# Snorkeled my friends rhino, let me know what yall think.



## C_Holland (Apr 6, 2010)




----------



## eagleeye76 (May 7, 2010)

Very Nice!:rockn:


----------



## ShaneGT86 (Jun 11, 2010)

that is sweet


----------



## bruterider27 (Apr 29, 2010)

Is that a 660? And looks awesome but won't mud get sucked in easy with them turned out like that? But looks great


----------



## C_Holland (Apr 6, 2010)

Yes, its an 07 660. As far as catching mud, we will have to wait and see.

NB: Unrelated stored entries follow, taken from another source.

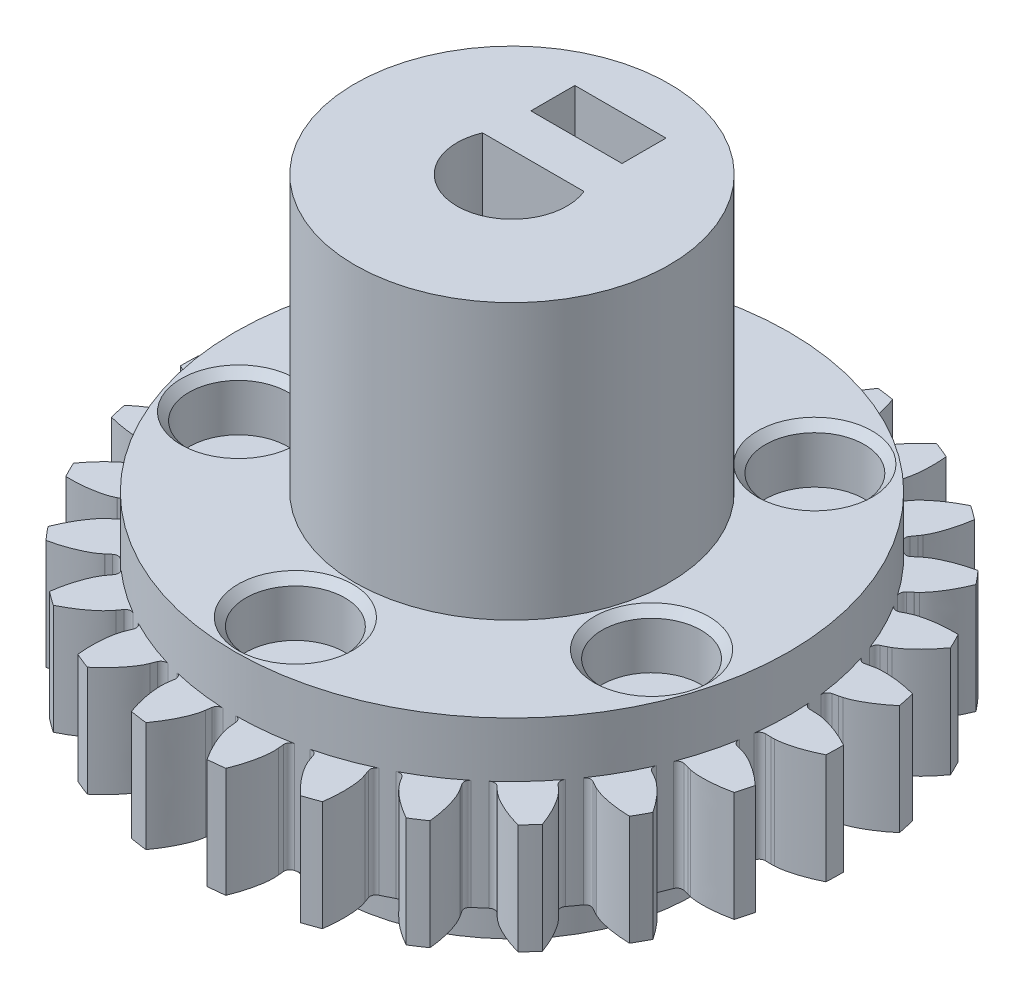
SolidWorks part; units mm, degrees
ref_plane "Front Plane" through (0, 0, 0) normal (0, 0, 1) x (1, 0, 0)
ref_plane "Top Plane" through (0, 0, 0) normal (0, 1, 0) x (1, 0, 0)
ref_plane "Right Plane" through (0, 0, 0) normal (1, 0, 0) x (0, 0, -1)
sketch "Sketch1" plane through (0, 0, 0) normal (0, 1, 0) x (1, 0, 0)
  line L0 (0, 18.325) -> (0, 0) construction
  line L1 (0, 0) -> (18.325, 0) construction
  line L2 (0, 0) -> (18.0994, 2.8667) construction
  line L3 (0, 0) -> (17.4281, 5.6627) construction
  line L4 (0, 0) -> (16.3277, 8.3194) construction
  line L5 (0, 0) -> (14.8252, 10.7712) construction
  line L6 (0, 0) -> (12.9577, 12.9577) construction
  line L7 (0, 0) -> (10.7712, 14.8252) construction
  line L8 (0, 0) -> (8.3194, 16.3277) construction
  line L9 (0, 0) -> (5.6627, 17.4281) construction
  line L10 (0, 0) -> (2.8667, 18.0994) construction
  line L11 (0, 0) -> (0, 18.325) construction
  line L12 (12.9577, 12.9577) -> (14.9942, 10.9213)
  line L13 (10.7712, 14.8252) -> (15.4311, 11.4396)
  line L14 (8.3194, 16.3277) -> (16.0177, 12.4052)
  line L15 (5.6627, 17.4281) -> (16.6189, 13.8682)
  line L16 (15.6524, 9.5293) -> (0, 0) construction
  line L17 (2.8667, 18.0994) -> (33.1393, 13.3047)
  line L18 (14.8696, 12.6152) -> (0, 0) construction
  line L19 (14.8252, 10.7712) -> (13.0429, 12.872)
  line L20 (14.8252, 10.7712) -> (14.2899, 10.317)
  line L21 (13.0429, 12.872) -> (12.5076, 12.4178)
  circle A0 centre (0, 0) radius 18.325
  circle A1 centre (0, 0) radius 21
  circle A2 centre (0, 0) radius 17.625
  circle A3 centre (0, 0) radius 19.5 construction
  spline S0 degree 2 poles (14.8252, 10.7712) (15.1748, 11.06) (15.4311, 11.4396) knots 0 0 0 1 1 1
  spline S1 degree 3 poles (14.8252, 10.7712) (15.0602, 10.961) (15.8365, 11.8956) (16.3364, 13.0109) (16.6189, 13.8682) knots 0 0 0 0 0.250011 1 1 1 1
  spline S2 degree 3 poles (13.0429, 12.872) (13.2685, 13.0729) (14.3171, 13.6865) (15.499, 13.998) (16.3909, 14.137) knots 0 0 0 0 0.250011 1 1 1 1
  point P4 (15.6524, 9.5293)
  point P6 (16.0604, 11.0595)
  point P10 (15.6053, 11.6929)
  point P18 (0, 0)
  point P25 (14.8696, 12.6152)
  dimension "D10" = 30.65
  dimension "D11" = 39
  dimension "D9" = 36.65
  dimension "D3" = 35.25
  dimension "D19" = 42
  dimension "D2" = 9
  dimension "D4" = 2.88
  dimension "D5" = 9
  dimension "D6" = 5.76
  dimension "D7" = 8.64
  dimension "D8" = 11.52
  dimension "D12" = 9
  dimension "D13" = 9
  dimension "D14" = 9
  dimension "D15" = 9
  dimension "D16" = 9
  dimension "D17" = 9
  dimension "D18" = 9
  dimension "D20" = 1.96
  dimension "D21" = 1.18
extrude "Boss-Extrude2" add sketch "Sketch1" along normal blind 7
sketch "Sketch2" plane through (0, 0, 0) normal (0, 0, 1) x (1, 0, 0)
  line L2 (0, -16.8661) -> (0, 28.4013) construction
pattern_circular "CirPattern1" count 26 over 360 about axis through (0, -16.8661, 0) along (0, 1, 0) of "Boss-Extrude2"
fillet "Fillet2" radius 0.375 104 edges at (11.8167, 3.5, -14.0061) (11.4056, 3.5, -13.437) (9.1724, 3.5, -15.0502) (9.5835, 3.5, -15.6193) (8.1215, 3.5, -16.427) (7.8585, 3.5, -15.7761) (5.3041, 3.5, -16.8079) (5.5671, 3.5, -17.4589) (3.9542, 3.5, -17.8933) (3.8547, 3.5, -17.1983) (1.1276, 3.5, -17.5889) (1.2271, 3.5, -18.2839) (-0.4428, 3.5, -18.3196) (-0.3731, 3.5, -17.621) (-3.1145, 3.5, -17.3476) (-3.1842, 3.5, -18.0462) (-4.8141, 3.5, -17.6813) (-4.5793, 3.5, -17.0197) (-7.1756, 3.5, -16.0982) (-7.4104, 3.5, -16.7598) (-8.9056, 3.5, -16.0155) (-8.5193, 3.5, -15.4293) (-10.8196, 3.5, -13.9132) (-11.2059, 3.5, -14.4994) (-12.4796, 3.5, -13.4188) (-11.9642, 3.5, -12.9421) (-13.8348, 3.5, -10.9196) (-14.3503, 3.5, -11.3963) (-15.3283, 3.5, -10.0423) (-14.7138, 3.5, -9.7028) (-16.0461, 3.5, -7.2914) (-16.6606, 3.5, -7.6309) (-17.2862, 3.5, -6.0822) (-16.6083, 3.5, -5.8996) (-17.3247, 3.5, -3.2395) (-18.0026, 3.5, -3.422) (-18.2395, 3.5, -1.7686) (-17.5375, 3.5, -1.7536) (-17.5966, 3.5, 1.0008) (-18.2985, 3.5, 0.9857) (-18.1327, 3.5, 2.6478) (-17.4476, 3.5, 2.4944) (-16.8457, 3.5, 5.1828) (-17.5309, 3.5, 5.3362) (-16.9722, 3.5, 6.9103) (-16.3437, 3.5, 6.5974) (-15.1159, 3.5, 9.0637) (-15.7444, 3.5, 9.3765) (-14.8252, 3.5, 10.7712) (-14.2899, 3.5, 10.317) (-12.5076, 3.5, 12.4178) (-13.0429, 3.5, 12.872) (-11.8167, 3.5, 14.0061) (-11.4056, 3.5, 13.437) (-9.1724, 3.5, 15.0502) (-9.5835, 3.5, 15.6193) (-8.1215, 3.5, 16.427) (-7.8585, 3.5, 15.7761) (-5.3041, 3.5, 16.8079) (-5.5671, 3.5, 17.4589) (-3.9542, 3.5, 17.8933) (-3.8547, 3.5, 17.1983) (-1.1276, 3.5, 17.5889) (-1.2271, 3.5, 18.2839) (0.4428, 3.5, 18.3196) (0.3731, 3.5, 17.621) (3.1145, 3.5, 17.3476) (3.1842, 3.5, 18.0462) (4.8141, 3.5, 17.6813) (7.1756, 3.5, 16.0982) (7.4104, 3.5, 16.7598) (8.9056, 3.5, 16.0155) (10.8196, 3.5, 13.9132) (11.2059, 3.5, 14.4994) (12.4796, 3.5, 13.4188) (13.8348, 3.5, 10.9196) (14.3503, 3.5, 11.3963) (15.3283, 3.5, 10.0423) (16.0461, 3.5, 7.2914) (16.6606, 3.5, 7.6309) (17.2862, 3.5, 6.0822) (16.6083, 3.5, 5.8996) (17.3247, 3.5, 3.2395) (18.0026, 3.5, 3.422) (18.2395, 3.5, 1.7686) (17.5375, 3.5, 1.7536) (17.5966, 3.5, -1.0008) (18.2985, 3.5, -0.9857) (18.1327, 3.5, -2.6478) (17.4476, 3.5, -2.4944) (16.8457, 3.5, -5.1828) (17.5309, 3.5, -5.3362) (16.9722, 3.5, -6.9103) (16.3437, 3.5, -6.5974) (15.1159, 3.5, -9.0637) (15.7444, 3.5, -9.3765) (14.8252, 3.5, -10.7712) (14.2899, 3.5, -10.317) (12.5076, 3.5, -12.4178) (13.0429, 3.5, -12.872) (14.7138, 3.5, 9.7028) (11.9642, 3.5, 12.9421) (8.5193, 3.5, 15.4293) (4.5793, 3.5, 17.0197)
sketch "Sketch3" plane through (0, 7, 0) normal (0, 1, 0) x (1, 0, 0)
  circle A1 centre (0, 0) radius 10
  dimension "D1" = 20
extrude "Boss-Extrude3" add sketch "Sketch3" along normal blind 21
sketch "Sketch4" plane through (0, 28, 0) normal (0, 1, 0) x (1, 0, 0)
  line L0 (0, 0) -> (0, 3.5) construction
  line L1 (-3.2292, 1.35) -> (3.2292, 1.35)
  line L2 (0, 0) -> (0, -3.5) construction
  circle A0 centre (0, 0) radius 3.5
  dimension "D1" = 7
  dimension "D2" = 4.85
extrude "Cut-Extrude1" cut sketch "Sketch4" against normal blind 10
sketch "Sketch5" plane through (0, 28, 0) normal (0, 1, 0) x (1, 0, 0)
  line L0 (0, 0) -> (0, 10) construction
  circle A2 centre (0, 0) radius 10 construction
ref_plane "Plane1" through (0, 28, -10) normal (0, 0, -1) x (-1, 0, 0)
sketch "Sketch6" plane through (0, 28, -10) normal (0, 0, -1) x (-1, 0, 0)
  line L1 (3.2292, 0) -> (-3.2292, 0) construction
  line L2 (0, -44.8661) -> (0, 0.4013) construction
  circle A0 centre (0, -5) radius 1.6
  dimension "D2" = 3.2
  dimension "D1" = 5
extrude "Cut-Extrude2" cut sketch "Sketch6" against normal blind 15
sketch "Sketch8" plane through (0, 28, 0) normal (0, 1, 0) x (1, 0, 0)
  line L1 (-2.9, 4.1) -> (2.9, 4.1)
  line L2 (-2.9, 4.1) -> (-2.9, 6.9)
  line L3 (-2.9, 6.9) -> (2.9, 6.9)
  line L4 (2.9, 4.1) -> (2.9, 6.9)
  line L5 (0, 0) -> (0, 10) construction
  line L6 (-3.2292, 1.35) -> (3.2292, 1.35) construction
  line L7 (-3.2292, 1.35) -> (3.2292, 1.35) construction
  dimension "D1" = 2.8
  dimension "D2" = 5.8
  dimension "D3" = 2.9
  dimension "D4" = 2.75
  dimension "D5" = 2.75
  dimension "D6" = 3.1
extrude "Cut-Extrude4" cut sketch "Sketch8" against normal blind 8.8
sketch "Sketch9" plane through (0, 0, 0) normal (0, -1, 0) x (1, 0, 0)
  circle A0 centre (0, 0) radius 9.65
  circle A1 centre (0, 0) radius 11.5
  dimension "D1" = 19.3
  dimension "D2" = 23
extrude "Boss-Extrude4" add sketch "Sketch9" along normal blind 6
sketch "Sketch10" plane through (0, 7, 0) normal (0, 1, 0) x (1, 0, 0)
  line L0 (0, 0) -> (0, -10) construction
  line L1 (0, 16.95) -> (0, 17.625) construction
  line L2 (0, -10) -> (0.0333, -17.625) construction
  circle A0 centre (0, 0) radius 17.625
  circle A1 centre (0, 0) radius 10
  circle A7 centre (0.0166, -13.8) radius 3.15
  circle A8 centre (-13.1194, -4.2802) radius 3.15
  circle A9 centre (-8.1249, 11.1547) radius 3.15
  circle A10 centre (8.098, 11.1742) radius 3.15
  circle A11 centre (13.1297, -4.2486) radius 3.15
  dimension "D1" = 3.8
  dimension "D2" = 6.3
  dimension "D3" = 5
extrude "Boss-Extrude5" add sketch "Sketch10" along normal blind 3.5
chamfer "Chamfer1" distance 0.5 angle 45 5 edges at (-13.1194, 10.5, 7.4302) (-8.1249, 10.5, -8.0047) (8.098, 10.5, -8.0242) (13.1297, 10.5, 7.3986) (0.0166, 10.5, 16.95)
equation "\"num_teeth\"= 26"
equation "\"pressure_angle\"= 20"
equation "\"pitch_dia\"= 39"
equation "\"module\"= \"pitch_dia\" / \"num_teeth\""
equation "\"addendum\"= \"module\""
equation "\"dedendum\"= 1.25 * \"module\""
equation "\"base_dia\"= 2 * ( ( \"pitch_dia\" / 2 ) * cos ( \"pressure_angle\" ) )"
equation "\"circular_pitch\"= pi * \"module\""
equation "\"tooth_thickness\"= \"circular_pitch\" / 2"
equation "\"add_circle\"= \"pitch_dia\" + ( 2 * \"addendum\" )"
equation "\"ded_circle\"= \"pitch_dia\" - ( 2 * \"dedendum\" )"

If so, we can change the ends out or cover them with some screen or something.


----------



## bruterider27 (Apr 29, 2010)

But it looked awesome I might try that on mine


----------



## brutemike (Mar 23, 2010)

Looks good


----------



## swampthing (May 2, 2010)

pretty clean job man, looks good from here .


----------



## DTX (Mar 24, 2010)

Well done. I like it. If it were me though, I would turn the tips down just to be safe.


----------



## IBBruin (Feb 10, 2009)

I really like that.


----------



## Polaris425 (Dec 16, 2004)

looks good. Personally I like them just straight up the middle but, everyone's is like that and, it's nice to see someone doing something different :rockn:


----------



## bruiser quad (Nov 6, 2009)

looks sweet, I would stop the tips directly behind the head bumper thingys


----------



## Mud_Dawgs_BigPoppa (May 6, 2009)

looks good . keep us posted on how the ends work out.. and also what are u going to do with the engine cover?


----------



## MuddJunkie (Jul 28, 2010)

Look neat, different than the norm straight snorks cant wait to see pics on how deep yall got it.


----------



## C_Holland (Apr 6, 2010)

Mud_Dawgs_BigPoppa said:


> looks good . keep us posted on how the ends work out.. and also what are u going to do with the engine cover?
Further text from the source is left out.